▸ **Records from a dataset**:
++++++++++++++++++++
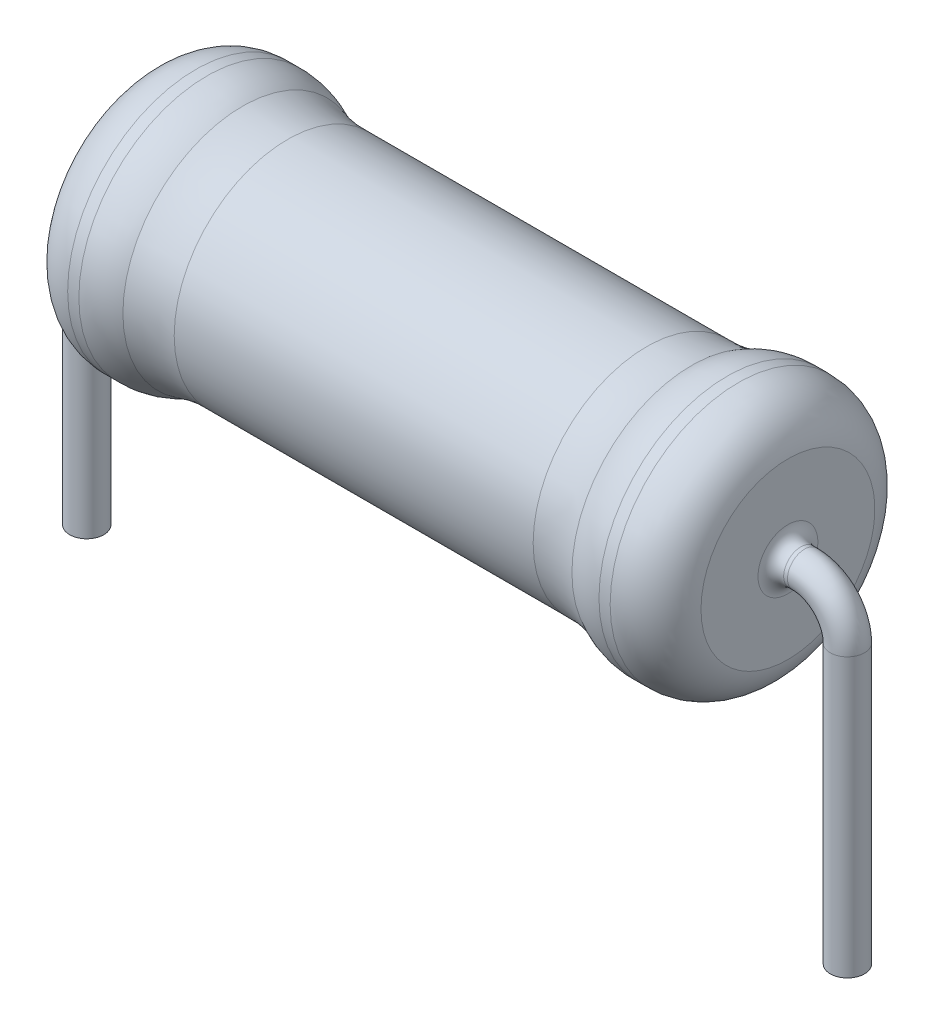
from build123d import *

# Parameters (mm, degrees)
SKETCH1_R           = 0.4
BOSS_EXTRUDE1_DEPTH = 5.3
SKETCH4_R           = 0.4
FILLET1_R           = 0.3


with BuildPart() as part:
    # Sketch1 → Boss-Extrude1 (new body)
    with BuildSketch(Plane(origin=(0, 0, 0), x_dir=(1, 0, 0), z_dir=(0, 1, 0))):
        with Locations(Location((8.89, 0, 0), (0, 0, 90))):
            Circle(SKETCH1_R)
    boss_extrude1 = extrude(amount=BOSS_EXTRUDE1_DEPTH)



with BuildPart() as body_2:
    # Sketch2 → Revolve1 (revolve)
    with BuildSketch(Plane.XY, mode=Mode.PRIVATE) as revolve1_sk:
        with BuildLine():
            Line((-7.5, 7.5), (7.5, 7.5))
            Line((7.5, 7.5), (7.5, 9.532279676))
            ThreePointArc((7.5, 9.532279676), (7.093393803, 10.222552101), (6.340357644, 10.495940404))
            Line((6.340357644, 10.495940404), (6.078780295, 10.495940404))
            ThreePointArc((6.078780295, 10.495940404), (5.649377435, 10.454699102), (5.247776116, 10.297206111))
            ThreePointArc((5.247776116, 10.297206111), (4.728245215, 10.175688355), (4.19527223, 10.150814298))
            Line((4.19527223, 10.150814298), (-4.19527223, 10.150814298))
            ThreePointArc((-4.19527223, 10.150814298), (-4.728245215, 10.175688355), (-5.247776116, 10.297206111))
            ThreePointArc((-5.247776116, 10.297206111), (-5.649377435, 10.454699102), (-6.078780295, 10.495940404))
            Line((-6.078780295, 10.495940404), (-6.340357644, 10.495940404))
            ThreePointArc((-6.340357644, 10.495940404), (-7.093393803, 10.222552101), (-7.5, 9.532279676))
            Line((-7.5, 9.532279676), (-7.5, 7.5))
        make_face()
    revolve(revolve1_sk.sketch.rotate(Axis((-7.5, 7.5, 0), (1, 0, 0)), 90), axis=Axis((-7.5, 7.5, 0), (1, 0, 0)))


with BuildPart() as part_1:
    add(part.part)

    add(body_2.part)  # Sweep1 merges body 2
    # Sweep1: sweep along a path in Sketch3
    with BuildLine(Plane.XY) as sweep1_path:
        Line((3.5, 7.5), (7.89, 7.5))
        ThreePointArc((7.89, 7.5), (8.597106781, 7.207106781), (8.89, 6.5))
        Line((8.89, 6.5), (8.89, 5.3))
    # Sketch4 → Sweep1 (sweep)
    with BuildSketch(Plane(origin=(0, 5.3, 0), x_dir=(1, 0, 0), z_dir=(0, 1, 0))):
        with Locations((8.89, 0)):
            Circle(SKETCH4_R)
    sweep1 = sweep(path=sweep1_path.line)

    # Mirror1: Boss-Extrude1, Sweep1 across plane
    add(boss_extrude1.mirror(Plane(origin=(0, 0, 0), x_dir=(0, 0, 1), z_dir=(1, 0, 0))))
    add(sweep1.mirror(Plane(origin=(0, 0, 0), x_dir=(0, 0, 1), z_dir=(1, 0, 0))))

    # Fillet1
    fillet1_edges = [part_1.edges().sort_by_distance(p)[0] for p in [
        (7.5, 7.1, 0),
        (-7.5, 7.1, 0),
    ]]
    fillet(fillet1_edges, radius=FILLET1_R)


solid = part_1.part
++++++++++++++++++++
▸ **Task objective**: If a line of the data holds the string "BuildLine", list it.

▸ **Answer section**:
        with BuildLine():
    with BuildLine(Plane.XY) as sweep1_path:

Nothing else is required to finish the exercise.